# PROMPT
Which lines of the entries below hold the word "frame"? Report each of them.

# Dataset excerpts

[Start of Attachment]

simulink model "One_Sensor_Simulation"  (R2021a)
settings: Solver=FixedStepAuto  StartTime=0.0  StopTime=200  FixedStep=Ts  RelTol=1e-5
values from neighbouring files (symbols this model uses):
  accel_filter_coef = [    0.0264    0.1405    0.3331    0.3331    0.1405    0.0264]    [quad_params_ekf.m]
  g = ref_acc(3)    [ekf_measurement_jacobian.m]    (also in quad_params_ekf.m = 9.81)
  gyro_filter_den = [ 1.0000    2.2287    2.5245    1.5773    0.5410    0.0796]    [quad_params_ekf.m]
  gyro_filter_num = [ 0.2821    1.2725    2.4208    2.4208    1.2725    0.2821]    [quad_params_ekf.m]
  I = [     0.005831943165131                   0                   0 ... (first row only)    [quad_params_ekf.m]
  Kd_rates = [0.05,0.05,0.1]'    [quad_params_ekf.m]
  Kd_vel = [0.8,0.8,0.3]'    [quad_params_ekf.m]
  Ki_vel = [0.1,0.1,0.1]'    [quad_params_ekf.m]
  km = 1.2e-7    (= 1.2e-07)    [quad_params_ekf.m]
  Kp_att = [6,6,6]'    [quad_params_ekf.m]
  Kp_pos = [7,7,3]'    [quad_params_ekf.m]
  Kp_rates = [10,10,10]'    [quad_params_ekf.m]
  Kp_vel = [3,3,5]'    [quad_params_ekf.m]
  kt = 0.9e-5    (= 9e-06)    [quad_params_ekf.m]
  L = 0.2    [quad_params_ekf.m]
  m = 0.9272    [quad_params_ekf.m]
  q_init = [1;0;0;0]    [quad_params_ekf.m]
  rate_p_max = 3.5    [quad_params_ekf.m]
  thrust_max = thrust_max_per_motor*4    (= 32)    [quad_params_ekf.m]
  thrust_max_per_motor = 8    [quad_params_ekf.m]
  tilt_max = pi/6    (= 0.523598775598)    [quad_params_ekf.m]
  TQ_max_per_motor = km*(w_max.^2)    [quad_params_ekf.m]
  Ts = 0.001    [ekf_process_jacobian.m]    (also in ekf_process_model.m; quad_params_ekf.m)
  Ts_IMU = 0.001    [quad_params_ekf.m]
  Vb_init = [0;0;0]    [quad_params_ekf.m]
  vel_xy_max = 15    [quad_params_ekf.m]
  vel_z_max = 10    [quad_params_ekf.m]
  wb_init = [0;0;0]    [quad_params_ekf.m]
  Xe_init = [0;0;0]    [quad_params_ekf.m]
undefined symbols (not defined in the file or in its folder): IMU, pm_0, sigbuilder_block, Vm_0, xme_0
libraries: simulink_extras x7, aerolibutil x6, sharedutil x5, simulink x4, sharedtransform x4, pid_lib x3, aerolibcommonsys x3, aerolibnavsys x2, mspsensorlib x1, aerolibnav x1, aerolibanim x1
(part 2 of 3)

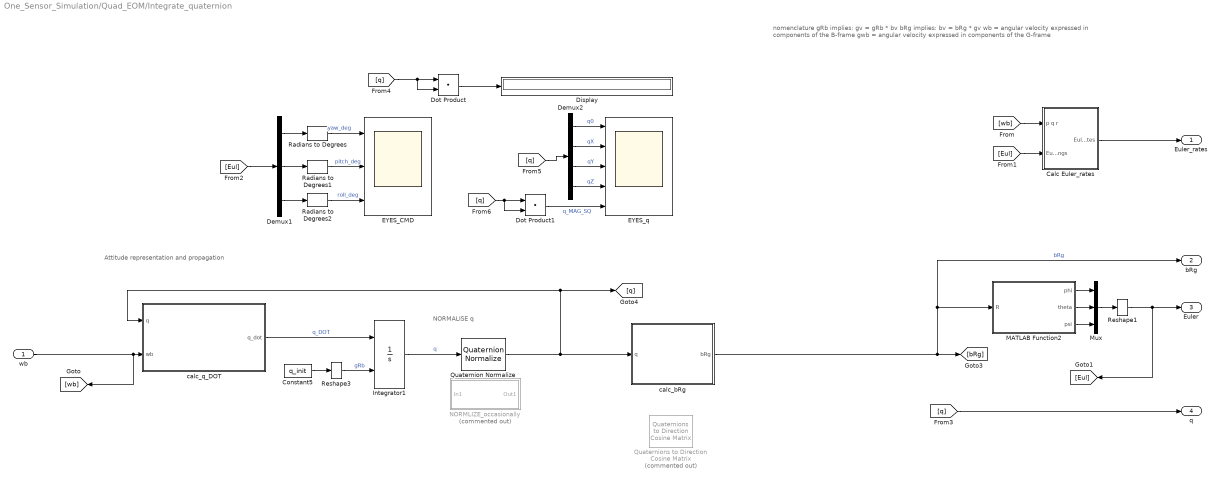
== system One_Sensor_Simulation/Quad_EOM/Integrate_quaternion ==
  note: Attitude representation and propagation
  note: nomenclature
      | gRb implies: gv = gRb * bv
      | bRg implies: bv = bRg * gv
      |
      | wb = angular velocity expressed in components of the B-frame
      | gwb = angular velocity expressed in components of the G-frame
  note: NORMALISE q
  wb : Inport
  Calc Euler_rates : Subsystem
  Constant5 : Constant  Value=q_init  OutDataTypeStr=Inherit: Inherit via back propagation
  Demux1 : Demux  Outputs=3
  Demux2 : Demux
  Display : Display
  Dot Product : DotProduct  InputSameDT=on  OutDataTypeStr=Inherit: Inherit via internal rule
  Dot Product1 : DotProduct  InputSameDT=on  OutDataTypeStr=Inherit: Inherit via internal rule
  EYES_CMD : Scope  NumInputPorts=3
  EYES_q : Scope  NumInputPorts=5
  Integrator1 : Integrator  InitialConditionSource=external
  MATLAB Function2 : MATLAB Function  TreatAsAtomicUnit=on
  Mux : Mux  Inputs=3
  NORMLIZE_occasionally : Subsystem  Commented=on
  Quaternion Normalize : sharedutil/Quaternion Normalize  aMode=aMode
      settings: SourceProductBaseCode=AE,PW,DR,MT,UV,VE
  Quaternions to Direction Cosine Matrix : sharedtransform/Quaternions to  Direction Cosine Matrix  Commented=on  aMode=aMode
      settings: SourceProductBaseCode=AE,PW,DR,MT,UV,VE
  Radians to Degrees : simulink_extras/Transformations/Radians to Degrees
  Radians to Degrees1 : simulink_extras/Transformations/Radians to Degrees
  Radians to Degrees2 : simulink_extras/Transformations/Radians to Degrees
  Reshape1 : Reshape  OutputDimensionality=Column vector (2-D)
  Reshape3 : Reshape  OutputDimensionality=Column vector (2-D)
  calc_bRg : MATLAB Function  TreatAsAtomicUnit=on
  calc_q_DOT : MATLAB Function  TreatAsAtomicUnit=on
  Euler_rates : Outport
  bRg : Outport  Port=2
  Euler : Outport  Port=3
  q : Outport  Port=4
  wires:
  Calc Euler_rates/1(Euler_rates) -> Euler_rates/1
  [Eul] -> Demux1/1
  Demux1/2 -> Radians to Degrees1/1
  Demux1/3 -> Radians to Degrees2/1
  Radians to Degrees2/1 -> EYES_CMD/3  "roll_deg"
  Radians to Degrees1/1 -> EYES_CMD/2  "pitch_deg"
  Radians to Degrees/1 -> EYES_CMD/1  "yaw_deg"
  Demux1/1 -> Radians to Degrees/1
  [Eul] -> Calc Euler_rates/2(Euler_angs)
  [wb] -> Calc Euler_rates/1("p q r ")
  Reshape1/1 -> [Eul], Euler/1
  Mux/1 -> Reshape1/1
  MATLAB Function2/3(psi) -> Mux/3
  MATLAB Function2/2(theta) -> Mux/2
  MATLAB Function2/1(phi) -> Mux/1
  Demux2/3 -> EYES_q/3  "qY"
  [q] -> Demux2/1
  Demux2/2 -> EYES_q/2  "qX"
  Demux2/1 -> EYES_q/1  "q0"
  [q] -> Dot Product1/2, Dot Product1/1
  Demux2/4 -> EYES_q/4  "qZ"
  Dot Product1/1 -> EYES_q/5  "q_MAG_SQ"
  Dot Product/1 -> Display/1
  [q] -> Dot Product/2, Dot Product/1
  Integrator1/1 -> Quaternion Normalize/1  "q"
  Quaternion Normalize/1 -> calc_bRg/1(q), [q], calc_q_DOT/1(q)
  calc_bRg/1(bRg) -> bRg/1, MATLAB Function2/1(R), [bRg]  "bRg"
  calc_q_DOT/1(q_dot) -> Integrator1/1  "q_DOT"
  Constant5/1 -> Reshape3/1
  wb/1 -> calc_q_DOT/2(wb), [wb]
  Reshape3/1 -> Integrator1/2  "gRb"
  [q] -> q/1

== system One_Sensor_Simulation/Quad_EOM/Subsystem ==
  note: I . w^' = Mb - (\omega \times (I.w))
      |
      | w^' = inv(I) * (Mb - (w \times (I.w)))
  pqr : Inport
  I : Inport  Port=2
  Moment : Inport  Port=3
  Product2 : Product  Multiplication=Matrix(*)  InputSameDT=on  SaturateOnIntegerOverflow=on  OutDataTypeStr=Inherit: Same as first input
  Product3 : Product  Inputs=/  Multiplication=Matrix(*)  SaturateOnIntegerOverflow=on  OutDataTypeStr=Inherit: Same as first input
  Product4 : Product  Multiplication=Matrix(*)  SaturateOnIntegerOverflow=on  OutDataTypeStr=Inherit: Same as first input
  Reshape10 : Reshape  OutputDimensionality=Column vector (2-D)
  Reshape8 : Reshape  OutputDimensionality=Column vector (2-D)
  Reshape9 : Reshape  OutputDimensionality=Column vector (2-D)
  Scope : Scope
  Scope1 : Scope
  Scope2 : Scope
  Sum2 : Sum  Inputs=+|-  SaturateOnIntegerOverflow=on
  w_x_(I.w) : Subsystem
      mask Display:
      | text(.5,.5,'Cross\nProduct\n\nC = AxB', ...
      | 	'HorizontalAlignment','Center',...
      | 	'VerticalAlignment','middle')
  pdot qdot rdot : Outport
  wires:
  Product2/1 -> Scope1/1, w_x_(I.w)/2(B)  "I.w"
  Product3/1 -> Product4/1  "inv(I)"
  Reshape8/1 -> Scope/1, w_x_(I.w)/1(A), Product2/2  "w"
  [I] -> Product3/1
  pqr/1 -> Reshape8/1
  Reshape9/1 -> Sum2/1  "Mb"
  Sum2/1 -> Scope2/1, Product4/2  "Mb - (w x (I.w))"
  Reshape10/1 -> Sum2/2  "w x (I.w)"
  w_x_(I.w)/1(C) -> Reshape10/1
  [I] -> Product2/1  "I"
  Product4/1 -> pdot qdot rdot/1  "w_dot"
  Moment/1 -> Reshape9/1
  I/1 -> [I]

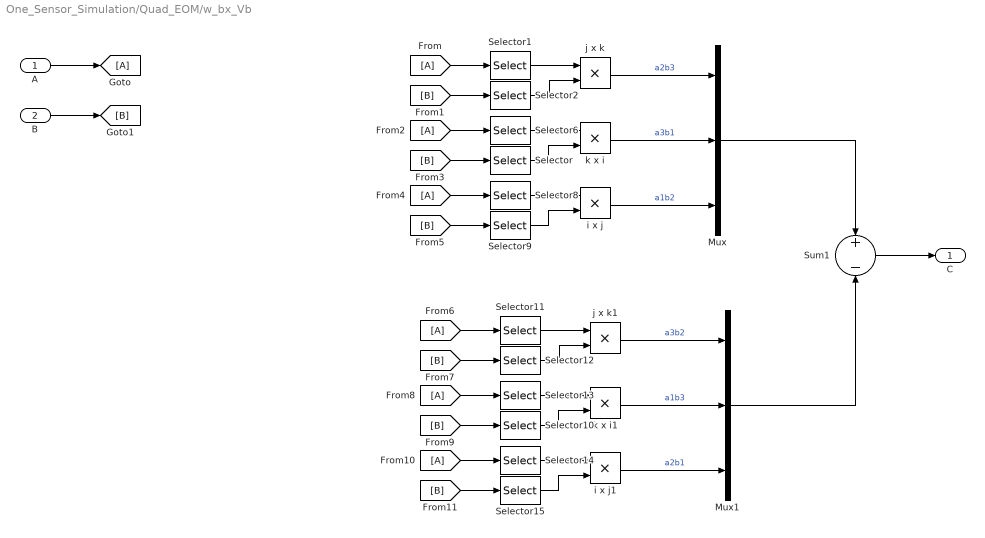
== system One_Sensor_Simulation/Quad_EOM/w_bx_Vb ==
  A : Inport
  B : Inport  Port=2
  Mux : Mux  Inputs=3
  Mux1 : Mux  Inputs=3
  Selector{,8,13,15} (4 alike) : Selector  InputPortWidth=3  IndexOptions=Index vector (dialog)  Indices=1  OutputSizes=1
  Selector{1,9,12,14} (4 alike) : Selector  InputPortWidth=3  IndexOptions=Index vector (dialog)  Indices=2  OutputSizes=1
  Selector{2,6,10..11} (4 alike) : Selector  InputPortWidth=3  IndexOptions=Index vector (dialog)  Indices=3  OutputSizes=1
  Sum1 : Sum  Inputs=+|-  InputSameDT=on  SaturateOnIntegerOverflow=on  OutDataTypeStr=Inherit: Same as first input
  i x j : Product  InputSameDT=on  SaturateOnIntegerOverflow=on  OutDataTypeStr=Inherit: Same as first input
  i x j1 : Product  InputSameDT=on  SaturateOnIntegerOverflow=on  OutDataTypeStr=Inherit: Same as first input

[End of Attachment]

# TASK RESULT
      | wb = angular velocity expressed in components of the B-frame
      | gwb = angular velocity expressed in components of the G-frame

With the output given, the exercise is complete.